When I showed some of these letters to Wardak last July, he passed his eyes over them briefly, then cast them aside, saying: "If we had time I could explain to you how I know that this is the handwriting of Pakistanis, not Afghans." He went on to question whether Mullah Omar, the Taliban leader, really exists. This was a startling lesson in revisionism about the Taliban.

Today, just as when the Taliban were in power pre-9/11, some rural communities are able to negotiate with them to stop attacks on education. Afghan parents want their children educated, including their daughters, and fight for it, even when it puts them at risk. But the Taliban usually draws the line at educating girls over about age 10, when puberty and demands to segregate the sexes take precedence. And not all attacks are about gender. Many schools and teachers are attacked as visible agents of the government in small rural communities or as symbols of western influence and teaching.

When in power the Taliban claimed that girls were being denied education only because of scant resources, a claim that Mullah Abdul Salam Zaeef, the Taliban's former ambassador to Pakistan, recently repeated. However, when I interviewed Mullah Zaeef about attacks on education several years ago, he dismissed Human Rights Watch's findings of systematic attacks as a fabrication.

Wardak plays down Taliban attacks on women and girls because he has become a leading government proponent of the need for reconciliation with the Taliban.

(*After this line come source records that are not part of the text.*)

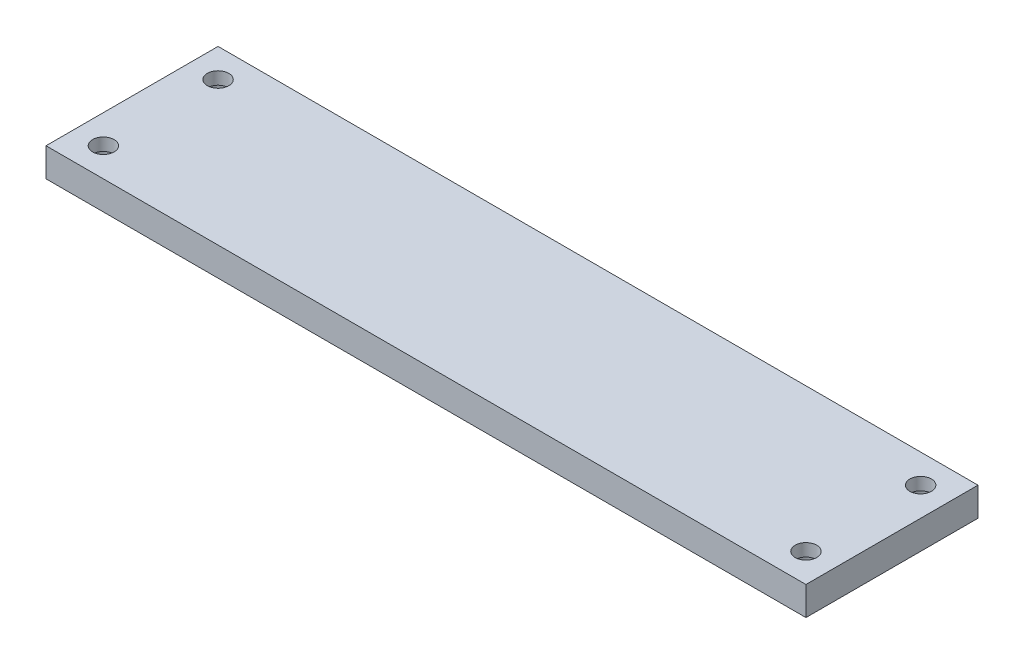
ISO-10303-21;
HEADER;
FILE_DESCRIPTION(('STEP AP214'),'2;1');
FILE_NAME('part.step','',(''),(''),'','','');
FILE_SCHEMA(('AUTOMOTIVE_DESIGN { 1 0 10303 214 1 1 1 1 }'));
ENDSEC;
DATA;
#1=APPLICATION_CONTEXT('core data for automotive mechanical design processes');
#2=APPLICATION_PROTOCOL_DEFINITION('international standard','automotive_design',2000,#1);
#3=PRODUCT_CONTEXT('',#1,'mechanical');
#4=PRODUCT('Part','Part','',(#3));
#5=PRODUCT_RELATED_PRODUCT_CATEGORY('part','',(#4));
#6=PRODUCT_DEFINITION_FORMATION('','',#4);
#7=PRODUCT_DEFINITION_CONTEXT('part definition',#1,'design');
#8=PRODUCT_DEFINITION('design','',#6,#7);
#9=PRODUCT_DEFINITION_SHAPE('','',#8);
#10=(LENGTH_UNIT() NAMED_UNIT(*) SI_UNIT(.MILLI.,.METRE.));
#11=(NAMED_UNIT(*) PLANE_ANGLE_UNIT() SI_UNIT($,.RADIAN.));
#12=(NAMED_UNIT(*) SI_UNIT($,.STERADIAN.) SOLID_ANGLE_UNIT());
#13=UNCERTAINTY_MEASURE_WITH_UNIT(LENGTH_MEASURE(1.E-05),#10,'distance_accuracy_value','');
#14=(GEOMETRIC_REPRESENTATION_CONTEXT(3) GLOBAL_UNCERTAINTY_ASSIGNED_CONTEXT((#13)) GLOBAL_UNIT_ASSIGNED_CONTEXT((#10,
#11,#12)) REPRESENTATION_CONTEXT('',''));
#15=CARTESIAN_POINT('',(0.,0.,0.));
#16=DIRECTION('',(0.,0.,1.));
#17=DIRECTION('',(1.,0.,0.));
#18=AXIS2_PLACEMENT_3D('',#15,#16,#17);
#19=CARTESIAN_POINT('',(0.,2.,0.));
#20=DIRECTION('',(0.,1.,0.));
#21=DIRECTION('',(0.,0.,1.));
#22=AXIS2_PLACEMENT_3D('',#19,#20,#21);
#23=PLANE('',#22);
#24=CARTESIAN_POINT('',(49.,2.,-8.));
#25=DIRECTION('',(0.,1.,0.));
#26=DIRECTION('',(0.,0.,1.));
#27=AXIS2_PLACEMENT_3D('',#24,#25,#26);
#28=CIRCLE('',#27,1.50000000000001);
#29=CARTESIAN_POINT('',(49.,2.,-6.49999999999999));
#30=VERTEX_POINT('',#29);
#31=EDGE_CURVE('E139',#30,#30,#28,.F.);
#32=ORIENTED_EDGE('',*,*,#31,.T.);
#33=EDGE_LOOP('',(#32));
#34=FACE_BOUND('',#33,.T.);
#35=CARTESIAN_POINT('',(49.,2.,8.));
#36=DIRECTION('',(0.,1.,0.));
#37=DIRECTION('',(0.,0.,1.));
#38=AXIS2_PLACEMENT_3D('',#35,#36,#37);
#39=CIRCLE('',#38,1.50000000000002);
#40=CARTESIAN_POINT('',(49.,2.,9.50000000000002));
#41=VERTEX_POINT('',#40);
#42=EDGE_CURVE('E142',#41,#41,#39,.T.);
#43=ORIENTED_EDGE('',*,*,#42,.F.);
#44=EDGE_LOOP('',(#43));
#45=FACE_BOUND('',#44,.T.);
#46=CARTESIAN_POINT('',(-49.,2.,-7.99999999999999));
#47=DIRECTION('',(0.,1.,0.));
#48=DIRECTION('',(0.,0.,1.));
#49=AXIS2_PLACEMENT_3D('',#46,#47,#48);
#50=CIRCLE('',#49,1.5);
#51=CARTESIAN_POINT('',(-49.,2.,-6.49999999999999));
#52=VERTEX_POINT('',#51);
#53=EDGE_CURVE('E11',#52,#52,#50,.T.);
#54=ORIENTED_EDGE('',*,*,#53,.F.);
#55=EDGE_LOOP('',(#54));
#56=FACE_BOUND('',#55,.T.);
#57=CARTESIAN_POINT('',(-49.,2.,8.00000000000001));
#58=DIRECTION('',(0.,1.,0.));
#59=DIRECTION('',(0.,0.,1.));
#60=AXIS2_PLACEMENT_3D('',#57,#58,#59);
#61=CIRCLE('',#60,1.5);
#62=CARTESIAN_POINT('',(-49.,2.,9.50000000000002));
#63=VERTEX_POINT('',#62);
#64=EDGE_CURVE('E41',#63,#63,#61,.F.);
#65=ORIENTED_EDGE('',*,*,#64,.T.);
#66=EDGE_LOOP('',(#65));
#67=FACE_BOUND('',#66,.T.);
#68=DIRECTION('',(-1.,0.,0.));
#69=VECTOR('',#68,1.);
#70=CARTESIAN_POINT('',(0.,2.,-12.));
#71=LINE('',#70,#69);
#72=CARTESIAN_POINT('',(53.,2.,-12.));
#73=VERTEX_POINT('',#72);
#74=CARTESIAN_POINT('',(-53.,2.,-12.));
#75=VERTEX_POINT('',#74);
#76=EDGE_CURVE('E100',#73,#75,#71,.T.);
#77=ORIENTED_EDGE('',*,*,#76,.T.);
#78=DIRECTION('',(0.,0.,1.));
#79=VECTOR('',#78,1.);
#80=CARTESIAN_POINT('',(-53.,2.,0.));
#81=LINE('',#80,#79);
#82=CARTESIAN_POINT('',(-53.,2.,12.));
#83=VERTEX_POINT('',#82);
#84=EDGE_CURVE('E109',#75,#83,#81,.T.);
#85=ORIENTED_EDGE('',*,*,#84,.T.);
#86=DIRECTION('',(1.,0.,0.));
#87=VECTOR('',#86,1.);
#88=CARTESIAN_POINT('',(0.,2.,12.));
#89=LINE('',#88,#87);
#90=CARTESIAN_POINT('',(53.,2.,12.));
#91=VERTEX_POINT('',#90);
#92=EDGE_CURVE('E107',#83,#91,#89,.T.);
#93=ORIENTED_EDGE('',*,*,#92,.T.);
#94=DIRECTION('',(0.,0.,-1.));
#95=VECTOR('',#94,1.);
#96=CARTESIAN_POINT('',(53.,2.,0.));
#97=LINE('',#96,#95);
#98=EDGE_CURVE('E78',#91,#73,#97,.T.);
#99=ORIENTED_EDGE('',*,*,#98,.T.);
#100=EDGE_LOOP('',(#77,#85,#93,#99));
#101=FACE_BOUND('',#100,.T.);
#102=ADVANCED_FACE('F33',(#34,#45,#56,#67,#101),#23,.T.);
#103=CARTESIAN_POINT('',(0.,-2.,0.));
#104=DIRECTION('',(0.,1.,0.));
#105=DIRECTION('',(0.,0.,1.));
#106=AXIS2_PLACEMENT_3D('',#103,#104,#105);
#107=PLANE('',#106);
#108=CARTESIAN_POINT('',(-49.,-2.,-7.99999999999999));
#109=DIRECTION('',(0.,-1.,0.));
#110=DIRECTION('',(0.,0.,-1.));
#111=AXIS2_PLACEMENT_3D('',#108,#109,#110);
#112=CIRCLE('',#111,2.5);
#113=CARTESIAN_POINT('',(-49.,-2.,-10.5));
#114=VERTEX_POINT('',#113);
#115=EDGE_CURVE('E136',#114,#114,#112,.T.);
#116=ORIENTED_EDGE('',*,*,#115,.F.);
#117=EDGE_LOOP('',(#116));
#118=FACE_BOUND('',#117,.T.);
#119=CARTESIAN_POINT('',(-49.,-2.,8.00000000000001));
#120=DIRECTION('',(0.,-1.,0.));
#121=DIRECTION('',(0.,0.,-1.));
#122=AXIS2_PLACEMENT_3D('',#119,#120,#121);
#123=CIRCLE('',#122,2.5);
#124=CARTESIAN_POINT('',(-49.,-2.,5.50000000000001));
#125=VERTEX_POINT('',#124);
#126=EDGE_CURVE('E129',#125,#125,#123,.T.);
#127=ORIENTED_EDGE('',*,*,#126,.F.);
#128=EDGE_LOOP('',(#127));
#129=FACE_BOUND('',#128,.T.);
#130=CARTESIAN_POINT('',(49.,-2.,-8.));
#131=DIRECTION('',(0.,-1.,0.));
#132=DIRECTION('',(0.,0.,-1.));
#133=AXIS2_PLACEMENT_3D('',#130,#131,#132);
#134=CIRCLE('',#133,2.5);
#135=CARTESIAN_POINT('',(49.,-2.,-10.5));
#136=VERTEX_POINT('',#135);
#137=EDGE_CURVE('E122',#136,#136,#134,.T.);
#138=ORIENTED_EDGE('',*,*,#137,.F.);
#139=EDGE_LOOP('',(#138));
#140=FACE_BOUND('',#139,.T.);
#141=CARTESIAN_POINT('',(49.,-2.,8.));
#142=DIRECTION('',(0.,-1.,0.));
#143=DIRECTION('',(0.,0.,-1.));
#144=AXIS2_PLACEMENT_3D('',#141,#142,#143);
#145=CIRCLE('',#144,2.5);
#146=CARTESIAN_POINT('',(49.,-2.,5.5));
#147=VERTEX_POINT('',#146);
#148=EDGE_CURVE('E112',#147,#147,#145,.T.);
#149=ORIENTED_EDGE('',*,*,#148,.F.);
#150=EDGE_LOOP('',(#149));
#151=FACE_BOUND('',#150,.T.);
#152=DIRECTION('',(0.,0.,-1.));
#153=VECTOR('',#152,1.);
#154=CARTESIAN_POINT('',(-53.,-2.,12.));
#155=LINE('',#154,#153);
#156=CARTESIAN_POINT('',(-53.,-2.,12.));
#157=VERTEX_POINT('',#156);
#158=CARTESIAN_POINT('',(-53.,-2.,-12.));
#159=VERTEX_POINT('',#158);
#160=EDGE_CURVE('E96',#157,#159,#155,.T.);
#161=ORIENTED_EDGE('',*,*,#160,.T.);
#162=DIRECTION('',(1.,0.,0.));
#163=VECTOR('',#162,1.);
#164=CARTESIAN_POINT('',(53.,-2.,-12.));
#165=LINE('',#164,#163);
#166=CARTESIAN_POINT('',(53.,-2.,-12.));
#167=VERTEX_POINT('',#166);
#168=EDGE_CURVE('E94',#159,#167,#165,.T.);
#169=ORIENTED_EDGE('',*,*,#168,.T.);
#170=DIRECTION('',(0.,0.,1.));
#171=VECTOR('',#170,1.);
#172=CARTESIAN_POINT('',(53.,-2.,12.));
#173=LINE('',#172,#171);
#174=CARTESIAN_POINT('',(53.,-2.,12.));
#175=VERTEX_POINT('',#174);
#176=EDGE_CURVE('E57',#167,#175,#173,.T.);
#177=ORIENTED_EDGE('',*,*,#176,.T.);
#178=DIRECTION('',(-1.,0.,0.));
#179=VECTOR('',#178,1.);
#180=CARTESIAN_POINT('',(53.,-2.,12.));
#181=LINE('',#180,#179);
#182=EDGE_CURVE('E85',#175,#157,#181,.T.);
#183=ORIENTED_EDGE('',*,*,#182,.T.);
#184=EDGE_LOOP('',(#161,#169,#177,#183));
#185=FACE_BOUND('',#184,.T.);
#186=ADVANCED_FACE('F93',(#118,#129,#140,#151,#185),#107,.F.);
#187=CARTESIAN_POINT('',(49.,-8.,8.));
#188=DIRECTION('',(0.,1.,0.));
#189=DIRECTION('',(0.,0.,1.));
#190=AXIS2_PLACEMENT_3D('',#187,#188,#189);
#191=CYLINDRICAL_SURFACE('',#190,1.50000000000002);
#192=ORIENTED_EDGE('',*,*,#42,.T.);
#193=EDGE_LOOP('',(#192));
#194=FACE_BOUND('',#193,.T.);
#195=CARTESIAN_POINT('',(49.,0.25,8.));
#196=DIRECTION('',(0.,-1.,0.));
#197=DIRECTION('',(0.,0.,-1.));
#198=AXIS2_PLACEMENT_3D('',#195,#196,#197);
#199=CIRCLE('',#198,1.50000000000002);
#200=CARTESIAN_POINT('',(49.,0.25,6.49999999999998));
#201=VERTEX_POINT('',#200);
#202=EDGE_CURVE('E36',#201,#201,#199,.F.);
#203=ORIENTED_EDGE('',*,*,#202,.F.);
#204=EDGE_LOOP('',(#203));
#205=FACE_BOUND('',#204,.T.);
#206=ADVANCED_FACE('F171',(#194,#205),#191,.F.);
#207=CARTESIAN_POINT('',(49.,-8.,-8.));
#208=DIRECTION('',(0.,1.,0.));
#209=DIRECTION('',(0.,0.,1.));
#210=AXIS2_PLACEMENT_3D('',#207,#208,#209);
#211=CYLINDRICAL_SURFACE('',#210,1.50000000000001);
#212=ORIENTED_EDGE('',*,*,#31,.F.);
#213=EDGE_LOOP('',(#212));
#214=FACE_BOUND('',#213,.T.);
#215=CARTESIAN_POINT('',(49.,0.25,-8.));
#216=DIRECTION('',(0.,-1.,0.));
#217=DIRECTION('',(0.,0.,-1.));
#218=AXIS2_PLACEMENT_3D('',#215,#216,#217);
#219=CIRCLE('',#218,1.50000000000001);
#220=CARTESIAN_POINT('',(49.,0.25,-9.50000000000001));
#221=VERTEX_POINT('',#220);
#222=EDGE_CURVE('E121',#221,#221,#219,.T.);
#223=ORIENTED_EDGE('',*,*,#222,.T.);
#224=EDGE_LOOP('',(#223));
#225=FACE_BOUND('',#224,.T.);
#226=ADVANCED_FACE('F153',(#214,#225),#211,.F.);
#227=CARTESIAN_POINT('',(-49.,-8.,8.00000000000001));
#228=DIRECTION('',(0.,1.,0.));
#229=DIRECTION('',(0.,0.,1.));
#230=AXIS2_PLACEMENT_3D('',#227,#228,#229);
#231=CYLINDRICAL_SURFACE('',#230,1.5);
#232=ORIENTED_EDGE('',*,*,#64,.F.);
#233=EDGE_LOOP('',(#232));
#234=FACE_BOUND('',#233,.T.);
#235=CARTESIAN_POINT('',(-49.,0.25,8.00000000000001));
#236=DIRECTION('',(0.,-1.,0.));
#237=DIRECTION('',(0.,0.,-1.));
#238=AXIS2_PLACEMENT_3D('',#235,#236,#237);
#239=CIRCLE('',#238,1.5);
#240=CARTESIAN_POINT('',(-49.,0.25,6.50000000000001));
#241=VERTEX_POINT('',#240);
#242=EDGE_CURVE('E128',#241,#241,#239,.T.);
#243=ORIENTED_EDGE('',*,*,#242,.T.);
#244=EDGE_LOOP('',(#243));
#245=FACE_BOUND('',#244,.T.);
#246=ADVANCED_FACE('F315',(#234,#245),#231,.F.);
#247=CARTESIAN_POINT('',(-49.,-8.,-7.99999999999999));
#248=DIRECTION('',(0.,1.,0.));
#249=DIRECTION('',(0.,0.,1.));
#250=AXIS2_PLACEMENT_3D('',#247,#248,#249);
#251=CYLINDRICAL_SURFACE('',#250,1.5);
#252=ORIENTED_EDGE('',*,*,#53,.T.);
#253=EDGE_LOOP('',(#252));
#254=FACE_BOUND('',#253,.T.);
#255=CARTESIAN_POINT('',(-49.,0.25,-7.99999999999999));
#256=DIRECTION('',(0.,-1.,0.));
#257=DIRECTION('',(0.,0.,-1.));
#258=AXIS2_PLACEMENT_3D('',#255,#256,#257);
#259=CIRCLE('',#258,1.5);
#260=CARTESIAN_POINT('',(-49.,0.25,-9.5));
#261=VERTEX_POINT('',#260);
#262=EDGE_CURVE('E135',#261,#261,#259,.F.);
#263=ORIENTED_EDGE('',*,*,#262,.F.);
#264=EDGE_LOOP('',(#263));
#265=FACE_BOUND('',#264,.T.);
#266=ADVANCED_FACE('F294',(#254,#265),#251,.F.);
#267=CARTESIAN_POINT('',(-49.,0.25,-7.99999999999999));
#268=DIRECTION('',(0.,-1.,0.));
#269=DIRECTION('',(0.,0.,-1.));
#270=AXIS2_PLACEMENT_3D('',#267,#268,#269);
#271=PLANE('',#270);
#272=CARTESIAN_POINT('',(-49.,0.25,-7.99999999999999));
#273=DIRECTION('',(0.,-1.,0.));
#274=DIRECTION('',(0.,0.,-1.));
#275=AXIS2_PLACEMENT_3D('',#272,#273,#274);
#276=CIRCLE('',#275,2.5);
#277=CARTESIAN_POINT('',(-49.,0.25,-10.5));
#278=VERTEX_POINT('',#277);
#279=EDGE_CURVE('E132',#278,#278,#276,.T.);
#280=ORIENTED_EDGE('',*,*,#279,.T.);
#281=EDGE_LOOP('',(#280));
#282=FACE_BOUND('',#281,.T.);
#283=ORIENTED_EDGE('',*,*,#262,.T.);
#284=EDGE_LOOP('',(#283));
#285=FACE_BOUND('',#284,.T.);
#286=ADVANCED_FACE('F285',(#282,#285),#271,.T.);
#287=CARTESIAN_POINT('',(-49.,0.25,-7.99999999999999));
#288=DIRECTION('',(0.,-1.,0.));
#289=DIRECTION('',(0.,0.,-1.));
#290=AXIS2_PLACEMENT_3D('',#287,#288,#289);
#291=CYLINDRICAL_SURFACE('',#290,2.5);
#292=ORIENTED_EDGE('',*,*,#279,.F.);
#293=EDGE_LOOP('',(#292));
#294=FACE_BOUND('',#293,.T.);
#295=ORIENTED_EDGE('',*,*,#115,.T.);
#296=EDGE_LOOP('',(#295));
#297=FACE_BOUND('',#296,.T.);
#298=ADVANCED_FACE('F276',(#294,#297),#291,.F.);
#299=CARTESIAN_POINT('',(-49.,0.25,8.00000000000001));
#300=DIRECTION('',(0.,-1.,0.));
#301=DIRECTION('',(0.,0.,-1.));
#302=AXIS2_PLACEMENT_3D('',#299,#300,#301);
#303=CYLINDRICAL_SURFACE('',#302,2.5);
#304=CARTESIAN_POINT('',(-49.,0.25,8.00000000000001));
#305=DIRECTION('',(0.,-1.,0.));
#306=DIRECTION('',(0.,0.,-1.));
#307=AXIS2_PLACEMENT_3D('',#304,#305,#306);
#308=CIRCLE('',#307,2.5);
#309=CARTESIAN_POINT('',(-49.,0.25,5.50000000000001));
#310=VERTEX_POINT('',#309);
#311=EDGE_CURVE('E125',#310,#310,#308,.T.);
#312=ORIENTED_EDGE('',*,*,#311,.F.);
#313=EDGE_LOOP('',(#312));
#314=FACE_BOUND('',#313,.T.);
#315=ORIENTED_EDGE('',*,*,#126,.T.);
#316=EDGE_LOOP('',(#315));
#317=FACE_BOUND('',#316,.T.);
#318=ADVANCED_FACE('F267',(#314,#317),#303,.F.);
#319=CARTESIAN_POINT('',(-49.,0.25,8.00000000000001));
#320=DIRECTION('',(0.,-1.,0.));
#321=DIRECTION('',(0.,0.,-1.));
#322=AXIS2_PLACEMENT_3D('',#319,#320,#321);
#323=PLANE('',#322);
#324=ORIENTED_EDGE('',*,*,#242,.F.);
#325=EDGE_LOOP('',(#324));
#326=FACE_BOUND('',#325,.T.);
#327=ORIENTED_EDGE('',*,*,#311,.T.);
#328=EDGE_LOOP('',(#327));
#329=FACE_BOUND('',#328,.T.);
#330=ADVANCED_FACE('F165',(#326,#329),#323,.T.);
#331=CARTESIAN_POINT('',(49.,0.25,-8.));
#332=DIRECTION('',(0.,-1.,0.));
#333=DIRECTION('',(0.,0.,-1.));
#334=AXIS2_PLACEMENT_3D('',#331,#332,#333);
#335=CYLINDRICAL_SURFACE('',#334,2.5);
#336=CARTESIAN_POINT('',(49.,0.25,-8.));
#337=DIRECTION('',(0.,-1.,0.));
#338=DIRECTION('',(0.,0.,-1.));
#339=AXIS2_PLACEMENT_3D('',#336,#337,#338);
#340=CIRCLE('',#339,2.5);
#341=CARTESIAN_POINT('',(49.,0.25,-10.5));
#342=VERTEX_POINT('',#341);
#343=EDGE_CURVE('E118',#342,#342,#340,.T.);
#344=ORIENTED_EDGE('',*,*,#343,.F.);
#345=EDGE_LOOP('',(#344));
#346=FACE_BOUND('',#345,.T.);
#347=ORIENTED_EDGE('',*,*,#137,.T.);
#348=EDGE_LOOP('',(#347));
#349=FACE_BOUND('',#348,.T.);
#350=ADVANCED_FACE('F159',(#346,#349),#335,.F.);
#351=CARTESIAN_POINT('',(49.,0.25,-8.));
#352=DIRECTION('',(0.,-1.,0.));
#353=DIRECTION('',(0.,0.,-1.));
#354=AXIS2_PLACEMENT_3D('',#351,#352,#353);
#355=PLANE('',#354);
#356=ORIENTED_EDGE('',*,*,#222,.F.);
#357=EDGE_LOOP('',(#356));
#358=FACE_BOUND('',#357,.T.);
#359=ORIENTED_EDGE('',*,*,#343,.T.);
#360=EDGE_LOOP('',(#359));
#361=FACE_BOUND('',#360,.T.);
#362=ADVANCED_FACE('F155',(#358,#361),#355,.T.);
#363=CARTESIAN_POINT('',(49.,0.25,8.));
#364=DIRECTION('',(0.,-1.,0.));
#365=DIRECTION('',(0.,0.,-1.));
#366=AXIS2_PLACEMENT_3D('',#363,#364,#365);
#367=PLANE('',#366);
#368=CARTESIAN_POINT('',(49.,0.25,8.));
#369=DIRECTION('',(0.,-1.,0.));
#370=DIRECTION('',(0.,0.,-1.));
#371=AXIS2_PLACEMENT_3D('',#368,#369,#370);
#372=CIRCLE('',#371,2.5);
#373=CARTESIAN_POINT('',(49.,0.25,5.5));
#374=VERTEX_POINT('',#373);
#375=EDGE_CURVE('E113',#374,#374,#372,.T.);
#376=ORIENTED_EDGE('',*,*,#375,.T.);
#377=EDGE_LOOP('',(#376));
#378=FACE_BOUND('',#377,.T.);
#379=ORIENTED_EDGE('',*,*,#202,.T.);
#380=EDGE_LOOP('',(#379));
#381=FACE_BOUND('',#380,.T.);
#382=ADVANCED_FACE('F158',(#378,#381),#367,.T.);
#383=CARTESIAN_POINT('',(49.,0.25,8.));
#384=DIRECTION('',(0.,-1.,0.));
#385=DIRECTION('',(0.,0.,-1.));
#386=AXIS2_PLACEMENT_3D('',#383,#384,#385);
#387=CYLINDRICAL_SURFACE('',#386,2.5);
#388=ORIENTED_EDGE('',*,*,#375,.F.);
#389=EDGE_LOOP('',(#388));
#390=FACE_BOUND('',#389,.T.);
#391=ORIENTED_EDGE('',*,*,#148,.T.);
#392=EDGE_LOOP('',(#391));
#393=FACE_BOUND('',#392,.T.);
#394=ADVANCED_FACE('F176',(#390,#393),#387,.F.);
#395=CARTESIAN_POINT('',(-53.,17.,12.));
#396=DIRECTION('',(-1.,0.,0.));
#397=DIRECTION('',(0.,0.,1.));
#398=AXIS2_PLACEMENT_3D('',#395,#396,#397);
#399=PLANE('',#398);
#400=DIRECTION('',(0.,-1.,0.));
#401=VECTOR('',#400,1.);
#402=CARTESIAN_POINT('',(-53.,17.,-12.));
#403=LINE('',#402,#401);
#404=EDGE_CURVE('E49',#75,#159,#403,.T.);
#405=ORIENTED_EDGE('',*,*,#404,.T.);
#406=ORIENTED_EDGE('',*,*,#160,.F.);
#407=DIRECTION('',(0.,-1.,0.));
#408=VECTOR('',#407,1.);
#409=CARTESIAN_POINT('',(-53.,17.,12.));
#410=LINE('',#409,#408);
#411=EDGE_CURVE('E81',#83,#157,#410,.T.);
#412=ORIENTED_EDGE('',*,*,#411,.F.);
#413=ORIENTED_EDGE('',*,*,#84,.F.);
#414=EDGE_LOOP('',(#405,#406,#412,#413));
#415=FACE_BOUND('',#414,.T.);
#416=ADVANCED_FACE('F178',(#415),#399,.T.);
#417=CARTESIAN_POINT('',(53.,17.,12.));
#418=DIRECTION('',(0.,0.,1.));
#419=DIRECTION('',(1.,0.,0.));
#420=AXIS2_PLACEMENT_3D('',#417,#418,#419);
#421=PLANE('',#420);
#422=ORIENTED_EDGE('',*,*,#411,.T.);
#423=ORIENTED_EDGE('',*,*,#182,.F.);
#424=DIRECTION('',(0.,-1.,0.));
#425=VECTOR('',#424,1.);
#426=CARTESIAN_POINT('',(53.,17.,12.));
#427=LINE('',#426,#425);
#428=EDGE_CURVE('E74',#91,#175,#427,.T.);
#429=ORIENTED_EDGE('',*,*,#428,.F.);
#430=ORIENTED_EDGE('',*,*,#92,.F.);
#431=EDGE_LOOP('',(#422,#423,#429,#430));
#432=FACE_BOUND('',#431,.T.);
#433=ADVANCED_FACE('F86',(#432),#421,.T.);
#434=CARTESIAN_POINT('',(53.,17.,12.));
#435=DIRECTION('',(1.,0.,0.));
#436=DIRECTION('',(0.,0.,-1.));
#437=AXIS2_PLACEMENT_3D('',#434,#435,#436);
#438=PLANE('',#437);
#439=ORIENTED_EDGE('',*,*,#428,.T.);
#440=ORIENTED_EDGE('',*,*,#176,.F.);
#441=DIRECTION('',(0.,-1.,0.));
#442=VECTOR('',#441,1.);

It suits his agenda to whitewash continuing Taliban crimes. And, like many Afghan politicians, he prefers the conspiracy claims – that the Taliban are an entirely Pakistani creation, rather than confronting the messy reality of a home-grown movement that is as much a product of Afghan reality as of Pakistan's intelligence agency.

There is a risk that some politicians in the UK, US and elsewhere, nervous about mounting casualties and dwindling public support for the war in Afghanistan, will seize on such claims. Governments seeking an exit strategy may also find it convenient to play down Taliban abuses against women and girls.

While most women in Afghanistan desperately want peace, they don't want a peace deal that is blind to the price they may pay. That requires realism about the nature of the insurgency. Although a comprehensive peace deal seems distant for now, small local deals are already taking place under the name of "reintegration" of Taliban fighters, with the promise of jobs and other enticements. But there is no vetting system to stop a commander who is notorious for attacking girls' education from becoming a local security chief, or even a district governor, with all the obvious risks to women and girls.

Instead of trying to soften the image of a group synonymous with the oppression of women and girls, the education minister should focus on increasing opportunities for their schooling, and on protecting girls' education from attack. Attacking schools is a war crime and should never be glossed over. Those who threaten, bomb and burn down schools should instead be held to account.